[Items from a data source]
=-=-=

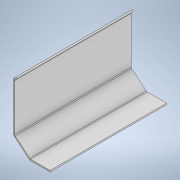
# Autodesk Inventor part: Frontal
Saved by Autodesk Inventor 2021 (Build 250183000, 183)
## iProperties
Created: 2021-07-21
Part Number: Frontal
Material: Generic
Document SubType Name: Sheet Metal
Designer: admin
Density: 1 g/cm^3
Sheet Metal Rule: Por defecto_mm
Appearance: Default
Flat Pattern Width: 32.5 cm
Flat Pattern Length: 41 cm
Flat Pattern Area: 1332.5 cm^2
Sheet Metal Width: 0.325 m
Sheet Metal Length: 0.410 m
Sheet Metal Area: 0.133 m^2
Author: admin
Autodesk Inventor part; units mm, degrees
ref_plane "YZ Plane" through (0, 0, 0) normal (1, 0, 0) x (0, 1, 0)
ref_plane "XZ Plane" through (0, 0, 0) normal (0, 1, 0) x (-1, 0, 0)
ref_plane "XY Plane" through (0, 0, 0) normal (0, 0, 1) x (1, 0, 0)
sketch "Boceto1" plane through (0, 0, 0) normal (0, 1, 0) x (-1, 0, 0)
  line L0 (162.5, 205) -> (-162.5, 205)
  line L1 (-162.5, 205) -> (-162.5, -205)
  line L2 (-162.5, -205) -> (162.5, -205)
  line L3 (162.5, -205) -> (162.5, 205)
  line L4 (162.5, 205) -> (-162.5, -205) construction
  line L5 (-162.5, 205) -> (162.5, -205) construction
  point P0 (0, 0)
  dimension "d0" = 325
  dimension "d1" = 410
  measures "d0" distance of L2.end L1.end
  measures "d1" distance of L1.end L0.end
extrude "Placa1" add sketch "Boceto1" along normal blind 5
sketch "Boceto2" plane through (0, 5, 0) normal (0, 1, 0) x (1, 0, 0)
  line L0 (-162.5, -205) -> (162.5, -205) projected
  line L1 (162.5, -205) -> (91.5, -205)
  line L2 (91.5, -205) -> (19.5, -205)
  line L3 (19.5, -205) -> (-150.5, -205)
  line L4 (91.5, -205) -> (91.5, 205) construction
  line L5 (162.5, 205) -> (-162.5, 205) construction
  line L6 (19.5, -205) -> (19.5, 205) construction
  line L7 (-150.5, -205) -> (-150.5, 205) construction
  point P0 (0, 0)
  dimension "d3" = 71
  dimension "d4" = 72
  dimension "d5" = 170
  constraints: 12 end point, 5 point on line, 2 vertical, 1 perpendicular
  measures "d3" distance of L0.end L1.end
  measures "d4" distance of L1.end L2.end
  measures "d5" distance of L2.end L3.end
fold "Pliegue1" angle 45 bend radius 5 thickness 5 k factor 0.44 line from (-150.5, 5, 205) to (-150.5, 5, -205) line at bend centre moving side (-1, 0, 0) folds toward (0, 1, 0)
fold "Pliegue2" angle 50 bend radius 5 thickness 5 k factor 0.44 line from (19.5, 5, 205) to (19.5, 5, -205) line at bend centre moving side (-1, 0, 0) folds toward (0, 1, 0)
fold "Pliegue3" angle 40 bend radius 5 thickness 5 k factor 0.44 line from (91.5, 5, 205) to (91.5, 5, -205) line at bend centre moving side (-1, 0, 0) folds toward (0, 1, 0)
equation "\"d2\" = Thickness"
equation "\"d6\" = BendReliefWidth"
equation "\"d7\" = BendReliefDepth"
equation "\"d8\" = MinimumRemnant"
equation "\"d9\" = TransitionRadius"
equation "\"d11\" = BendRadius"
equation "\"d12\" = BendReliefWidth"
equation "\"d13\" = BendReliefDepth"
equation "\"d14\" = MinimumRemnant"
equation "\"d15\" = TransitionRadius"
equation "\"d17\" = BendRadius"
equation "\"d18\" = BendReliefWidth"
equation "\"d19\" = BendReliefDepth"
equation "\"d20\" = MinimumRemnant"
equation "\"d21\" = TransitionRadius"
equation "\"d23\" = BendRadius"
equation "\"BendRadius\" = Thickness"
equation "\"BendReliefWidth\" = Thickness"
equation "\"BendReliefDepth\" = 0.5 * Thickness"
equation "\"TransitionRadius\" = BendRadius"
equation "\"JacobiRadiusSize\" = BendRadius"
equation "\"GapSize\" = Thickness"
equation "\"Thickness\" = 5"
equation "\"MinimumRemnant\" = 10"
magnet-mounter v11 (Autodesk Fusion 360 design; units mm, degrees)
Autodesk Fusion 360 part; units mm, degrees
sketch "スケッチ1" plane through (0, 0, 0) normal (0, 0, 1) x (1, 0, 0)
  circle A0 centre (0, 0) radius 0.75
  circle A1 centre (0, 0) radius 1
  circle A2 centre (0, 0) radius 1.5
  circle A3 centre (0, 0) radius 1.25
  dimension "d1" = 1.5
  dimension "d2" = 2
  dimension "d3" = 3
  dimension "d9" = 2.5
  measures "d1" diameter of A0
  measures "d2" diameter of A1
  measures "d3" diameter of A2
  measures "d9" diameter of A3
extrude "押し出し1" add sketch "スケッチ1" against normal blind 1 contours A1 | A3
extrude "押し出し2" add sketch "スケッチ1" along normal blind 2 contours A2 | A3
extrude "押し出し3" add sketch "スケッチ1" against normal blind 0.5 contours A1 | A2 | A3

=-=-=

PROBLEM REQUIREMENTS: Print every entry above again, exactly as written. Leave the images out.

RESULT BELOW:
# Autodesk Inventor part: Frontal
Saved by Autodesk Inventor 2021 (Build 250183000, 183)
## iProperties
Created: 2021-07-21
Part Number: Frontal
Material: Generic
Document SubType Name: Sheet Metal
Designer: admin
Density: 1 g/cm^3
Sheet Metal Rule: Por defecto_mm
Appearance: Default
Flat Pattern Width: 32.5 cm
Flat Pattern Length: 41 cm
Flat Pattern Area: 1332.5 cm^2
Sheet Metal Width: 0.325 m
Sheet Metal Length: 0.410 m
Sheet Metal Area: 0.133 m^2
Author: admin
Autodesk Inventor part; units mm, degrees
ref_plane "YZ Plane" through (0, 0, 0) normal (1, 0, 0) x (0, 1, 0)
ref_plane "XZ Plane" through (0, 0, 0) normal (0, 1, 0) x (-1, 0, 0)
ref_plane "XY Plane" through (0, 0, 0) normal (0, 0, 1) x (1, 0, 0)
sketch "Boceto1" plane through (0, 0, 0) normal (0, 1, 0) x (-1, 0, 0)
  line L0 (162.5, 205) -> (-162.5, 205)
  line L1 (-162.5, 205) -> (-162.5, -205)
  line L2 (-162.5, -205) -> (162.5, -205)
  line L3 (162.5, -205) -> (162.5, 205)
  line L4 (162.5, 205) -> (-162.5, -205) construction
  line L5 (-162.5, 205) -> (162.5, -205) construction
  point P0 (0, 0)
  dimension "d0" = 325
  dimension "d1" = 410
  measures "d0" distance of L2.end L1.end
  measures "d1" distance of L1.end L0.end
extrude "Placa1" add sketch "Boceto1" along normal blind 5
sketch "Boceto2" plane through (0, 5, 0) normal (0, 1, 0) x (1, 0, 0)
  line L0 (-162.5, -205) -> (162.5, -205) projected
  line L1 (162.5, -205) -> (91.5, -205)
  line L2 (91.5, -205) -> (19.5, -205)
  line L3 (19.5, -205) -> (-150.5, -205)
  line L4 (91.5, -205) -> (91.5, 205) construction
  line L5 (162.5, 205) -> (-162.5, 205) construction
  line L6 (19.5, -205) -> (19.5, 205) construction
  line L7 (-150.5, -205) -> (-150.5, 205) construction
  point P0 (0, 0)
  dimension "d3" = 71
  dimension "d4" = 72
  dimension "d5" = 170
  constraints: 12 end point, 5 point on line, 2 vertical, 1 perpendicular
  measures "d3" distance of L0.end L1.end
  measures "d4" distance of L1.end L2.end
  measures "d5" distance of L2.end L3.end
fold "Pliegue1" angle 45 bend radius 5 thickness 5 k factor 0.44 line from (-150.5, 5, 205) to (-150.5, 5, -205) line at bend centre moving side (-1, 0, 0) folds toward (0, 1, 0)
fold "Pliegue2" angle 50 bend radius 5 thickness 5 k factor 0.44 line from (19.5, 5, 205) to (19.5, 5, -205) line at bend centre moving side (-1, 0, 0) folds toward (0, 1, 0)
fold "Pliegue3" angle 40 bend radius 5 thickness 5 k factor 0.44 line from (91.5, 5, 205) to (91.5, 5, -205) line at bend centre moving side (-1, 0, 0) folds toward (0, 1, 0)
equation "\"d2\" = Thickness"
equation "\"d6\" = BendReliefWidth"
equation "\"d7\" = BendReliefDepth"
equation "\"d8\" = MinimumRemnant"
equation "\"d9\" = TransitionRadius"
equation "\"d11\" = BendRadius"
equation "\"d12\" = BendReliefWidth"
equation "\"d13\" = BendReliefDepth"
equation "\"d14\" = MinimumRemnant"
equation "\"d15\" = TransitionRadius"
equation "\"d17\" = BendRadius"
equation "\"d18\" = BendReliefWidth"
equation "\"d19\" = BendReliefDepth"
equation "\"d20\" = MinimumRemnant"
equation "\"d21\" = TransitionRadius"
equation "\"d23\" = BendRadius"
equation "\"BendRadius\" = Thickness"
equation "\"BendReliefWidth\" = Thickness"
equation "\"BendReliefDepth\" = 0.5 * Thickness"
equation "\"TransitionRadius\" = BendRadius"
equation "\"JacobiRadiusSize\" = BendRadius"
equation "\"GapSize\" = Thickness"
equation "\"Thickness\" = 5"
equation "\"MinimumRemnant\" = 10"
magnet-mounter v11 (Autodesk Fusion 360 design; units mm, degrees)
Autodesk Fusion 360 part; units mm, degrees
sketch "スケッチ1" plane through (0, 0, 0) normal (0, 0, 1) x (1, 0, 0)
  circle A0 centre (0, 0) radius 0.75
  circle A1 centre (0, 0) radius 1
  circle A2 centre (0, 0) radius 1.5
  circle A3 centre (0, 0) radius 1.25
  dimension "d1" = 1.5
  dimension "d2" = 2
  dimension "d3" = 3
  dimension "d9" = 2.5
  measures "d1" diameter of A0
  measures "d2" diameter of A1
  measures "d3" diameter of A2
  measures "d9" diameter of A3
extrude "押し出し1" add sketch "スケッチ1" against normal blind 1 contours A1 | A3
extrude "押し出し2" add sketch "スケッチ1" along normal blind 2 contours A2 | A3
extrude "押し出し3" add sketch "スケッチ1" against normal blind 0.5 contours A1 | A2 | A3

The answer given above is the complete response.